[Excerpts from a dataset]
◇ ◇ ◇ ◇ ◇

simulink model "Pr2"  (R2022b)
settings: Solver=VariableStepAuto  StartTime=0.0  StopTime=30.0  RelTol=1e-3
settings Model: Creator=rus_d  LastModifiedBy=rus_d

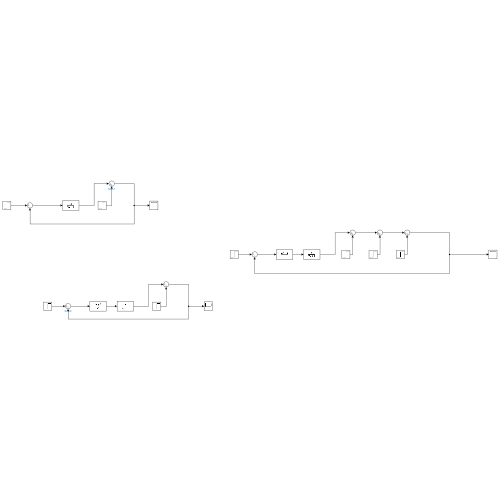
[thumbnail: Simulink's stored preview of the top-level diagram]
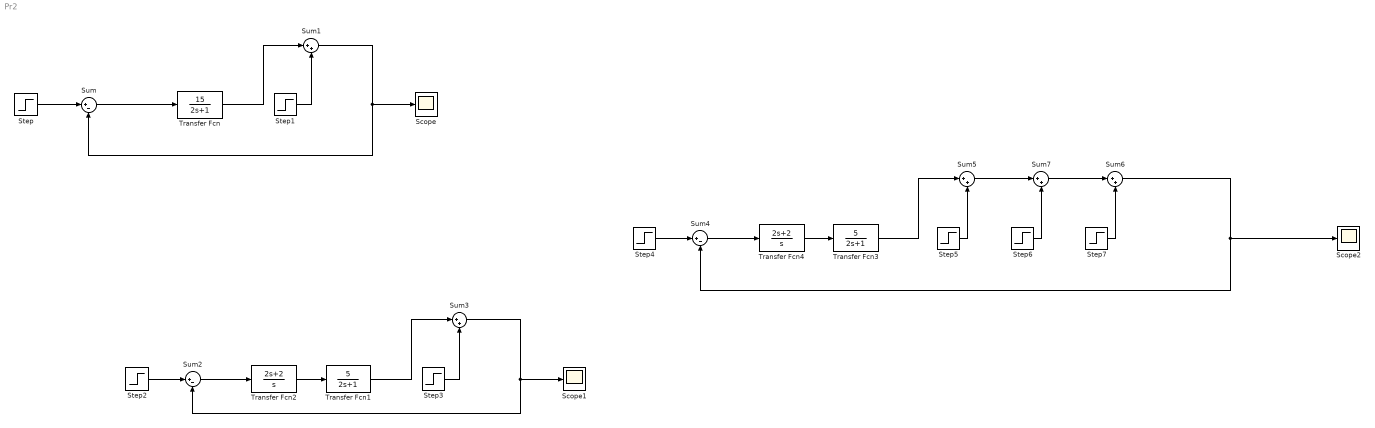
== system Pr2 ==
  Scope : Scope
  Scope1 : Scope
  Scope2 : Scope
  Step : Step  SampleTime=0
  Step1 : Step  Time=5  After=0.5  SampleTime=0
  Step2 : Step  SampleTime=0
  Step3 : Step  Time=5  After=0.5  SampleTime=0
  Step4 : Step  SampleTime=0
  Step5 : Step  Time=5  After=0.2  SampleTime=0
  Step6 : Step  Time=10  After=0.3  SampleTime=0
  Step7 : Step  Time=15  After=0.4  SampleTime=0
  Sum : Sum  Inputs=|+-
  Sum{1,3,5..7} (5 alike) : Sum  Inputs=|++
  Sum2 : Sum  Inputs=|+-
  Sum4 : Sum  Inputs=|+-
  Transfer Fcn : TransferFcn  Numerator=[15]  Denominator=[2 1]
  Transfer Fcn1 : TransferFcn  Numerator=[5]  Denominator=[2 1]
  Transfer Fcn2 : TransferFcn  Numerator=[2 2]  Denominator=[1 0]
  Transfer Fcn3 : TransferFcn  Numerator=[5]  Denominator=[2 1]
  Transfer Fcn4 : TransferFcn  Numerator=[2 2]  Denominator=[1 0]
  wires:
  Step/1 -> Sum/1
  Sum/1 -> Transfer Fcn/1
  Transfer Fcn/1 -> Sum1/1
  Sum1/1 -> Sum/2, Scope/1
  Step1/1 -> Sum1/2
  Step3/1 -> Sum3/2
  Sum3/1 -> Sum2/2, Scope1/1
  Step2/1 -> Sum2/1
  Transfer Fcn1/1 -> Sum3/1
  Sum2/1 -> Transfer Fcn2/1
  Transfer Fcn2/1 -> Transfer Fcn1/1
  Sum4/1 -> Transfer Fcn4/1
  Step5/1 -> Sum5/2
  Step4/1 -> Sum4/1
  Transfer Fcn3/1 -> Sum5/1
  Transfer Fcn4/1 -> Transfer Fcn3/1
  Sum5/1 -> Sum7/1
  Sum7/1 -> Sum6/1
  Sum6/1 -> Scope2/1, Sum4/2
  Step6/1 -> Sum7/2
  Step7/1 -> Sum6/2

◇ ◇ ◇ ◇ ◇

## What this task involves
Locate the word "After" in the records and collect each line it appears in.

## Exercise answer
  Step1 : Step  Time=5  After=0.5  SampleTime=0
  Step3 : Step  Time=5  After=0.5  SampleTime=0
  Step5 : Step  Time=5  After=0.2  SampleTime=0
  Step6 : Step  Time=10  After=0.3  SampleTime=0
  Step7 : Step  Time=15  After=0.4  SampleTime=0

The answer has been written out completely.